For one animal (M2), additional data were collected in trials in which the target disappeared for a short duration (n = 19 cells). The events and timing were the same as in the visually guided tasks except that the visual target(s) disappeared 500 ms after onset and remained off for 750 ms. The cue to move was given 0–500 ms after target reappearance.

Free-choice saccade task.

For one animal (M1), additional data were collected in saccade trials in which two white targets appeared instead of one (n = 15 cells). All aspects of the task were identical to the one-target saccade task, except that the target eccentricity and fixation positions were varied such that animals chose each target between 28% and 72% of the time except for one cell in which one target was chosen 89% of the time. The animal was rewarded equally for a saccade to either target.

Electrophysiological Recordings.

Single-unit recordings were made from all four hemispheres in two adult male rhesus monkeys. We identified boundaries for LIP and PRR based primarily on physiological criteria. See for additional recording details.

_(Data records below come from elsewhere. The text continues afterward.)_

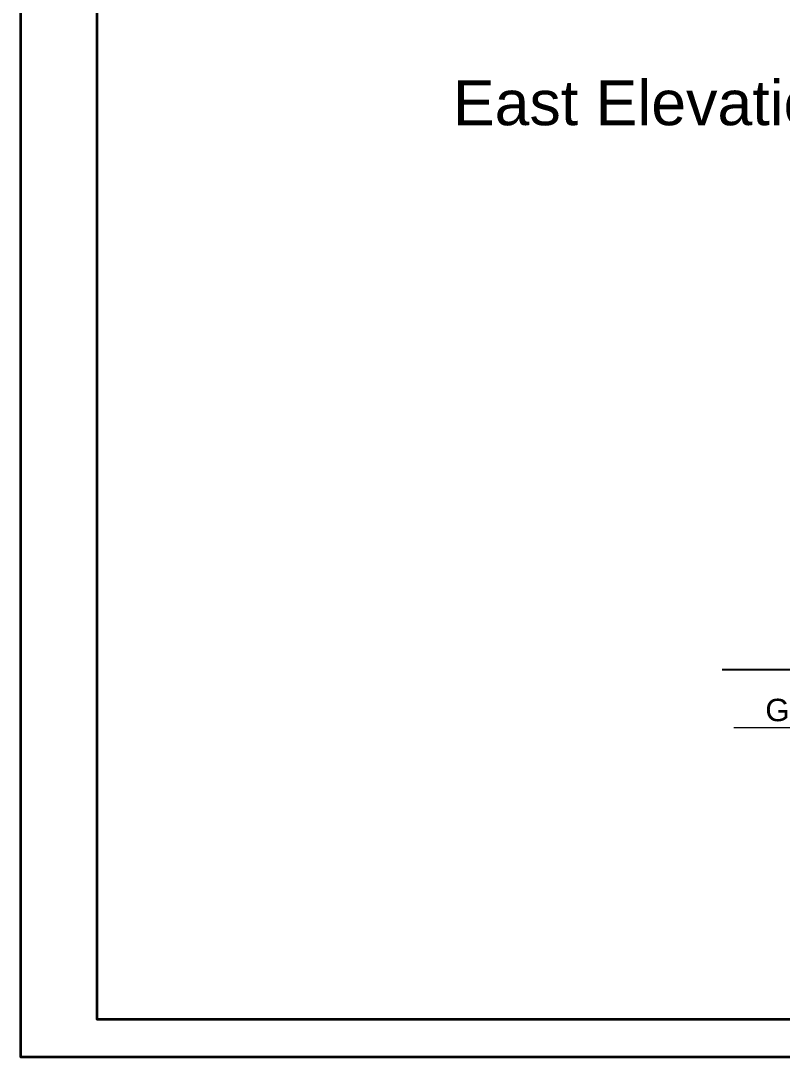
# Model space of a CAD drawing. Header units: inches. Extents: x 392906 to 410488, y -52747 to -40742.
# Drawn here: x 400338.5 to 400576.3, y -52746.6 to -52423.2 of the extents above; entities that cross this region are included whole.
import ezdxf

# ---------------------------------------------------------------- set-up
doc = ezdxf.new("R2010")
doc.units = ezdxf.units.IN
doc.header["$LTSCALE"] = 2
doc.header["$MEASUREMENT"] = 0
doc.layers.get('0').update_dxf_attribs({"linetype": 'CONTINUOUS'})
doc.layers.add('Normal Wall', color=7, linetype='CONTINUOUS', lineweight=35, true_color=0xffaf89)
doc.styles.get("Standard").update_dxf_attribs({"font": 'ARIALN.TTF'})

msp = doc.modelspace()

# ---------------------------------------------------------------- linework, layer by layer
at = {"ltscale": 0.5}
msp.add_line((400581.53, -52625.75), (400557.53, -52625.75), dxfattribs=at)
at = {"color": 7, "linetype": 'ByBlock', "lineweight": 5, "ltscale": 10}
msp.add_line((400561.13, -52643.76), (400602.76, -52643.76), dxfattribs=at)
at = {"layer": 'Normal Wall'}
for points in [[(400338.51, -51996.12), (401396.51, -51996.12), (401396.51, -52746.65), (400338.51, -52746.65)], [(400338.51, -51996.12), (401396.51, -51996.12), (401396.51, -52746.65), (400338.51, -52746.65)], [(401384.6, -52008.03), (400362.32, -52008.03), (400362.32, -52734.74), (401384.6, -52734.74)], [(401384.6, -52008.03), (400362.32, -52008.03), (400362.32, -52734.74), (401384.6, -52734.74)]]:
    msp.add_lwpolyline(points, close=True, dxfattribs=at)

# ---------------------------------------------------------------- texts
at = {"color": 7, "linetype": 'ByBlock', "lineweight": 5}
for s, insert, char_height, width, attachment_point in [('{\\fArial CE|b0|i0|c0|p34;East Elevation}', (400535.94, -52448.87), 14, 235.547, 5), ('{\\fArial CE|b0|i0|c0|p34;GL}', (400570.98, -52634.77), 7, 174.1012, 1)]:
    msp.add_mtext(s, dxfattribs=dict(at, insert=insert, char_height=char_height, width=width, attachment_point=attachment_point))

doc.saveas('drawing.dxf')

Quantification and Statistical Analysis.

Measurement of cell activity.

We computed the spike rate in the delay (500–1,250 ms after target onset), presaccadic (100 ms before saccade onset), and postsaccadic (50–150 ms after saccade onset) epochs. To show firing rate as a function of time, we computed reciprocal interspike intervals with 1-ms resolution, smoothed the data using a low-pass filter with a −3 dB point at 8 Hz (mathematically identical to convolving with a Gaussian with an SD of 17 ms) and then averaged the smoothed values across trials.

Movement direction.

The present report focuses on saccade direction during bimanual-apart reaches, that is, trials in which animals were instructed to reach simultaneously with the left arm to one target and with the right arm to a second target. One target was in the RF of the cell being recorded, and the other was outside the RF. Trials were sorted based on whether the initial saccade was directed to the target inside or outside the RF. We refer to these as “eye-in” (Ein) and “eye-out” (Eout) trials, respectively. This report focuses on activity before the first saccade. In a secondary analysis, trials were sorted based on whether the contralateral arm moved to the target inside or outside the RF. We refer to these as “arm-in” (Ain) and “arm-out” (Aout) trials, respectively. Thus, there were four possible trial types: EinAin, EoutAin, EinAout, and EoutAout. Reach directions were instructed, such that we obtained equal numbers of Ain and Aout trials for each cell. Saccade direction was freely chosen by the animal on each trial, so the relative numbers of Ein and Eout trials varied from cell to cell. For example, if the animal always chose to saccade to the right in a particular recording session, we might obtain only EoutAin and EoutAout trials for that cell. We could obtain two, three, or four different bimanual-apart trial types for a given cell. In most cases, we restricted our analyses to cells for which we obtained at least two EinAin and two EoutAin trials or at least two EinAout and two EoutAout trials (just under half of all cells: 40 in PRR and 29 in LIP). The number of trials per cell varied, with means of 9.8 and 9.5 trials, respectively, for the main task in LIP (range, 2–34 and 2–26 trials for Ein and Eout trials) and with means of 9.6 and 11.5 trials, respectively (range, 2–56 and 2–34 trials) for the main task in PRR. For the target-blanking task in LIP, means were 5.1 and 8.6 trials, respectively (range, 2–10 and 3–12 trials), and for the two-target free-choice saccade task in LIP the means were 61.7 and 54.7 trials, respectively (range, 3–121 and 3–168 trials).

Statistics.

For statistical analysis, we used nonparametric tests appropriate for data that are not necessarily normally distributed. All tests were Wilcoxon signed-rank tests (paired comparisons) except where Wilcoxon rank-sum tests (pooled comparisons) are noted. All tests were two-sided except where noted. To evaluate interactions, we used repeated-measures ANOVA, which is robust to modest violation of normality with sufficient sample size (68, 69). The criterion for all tests was alpha = 0.05. Firing rates are reported as the mean ± SEM.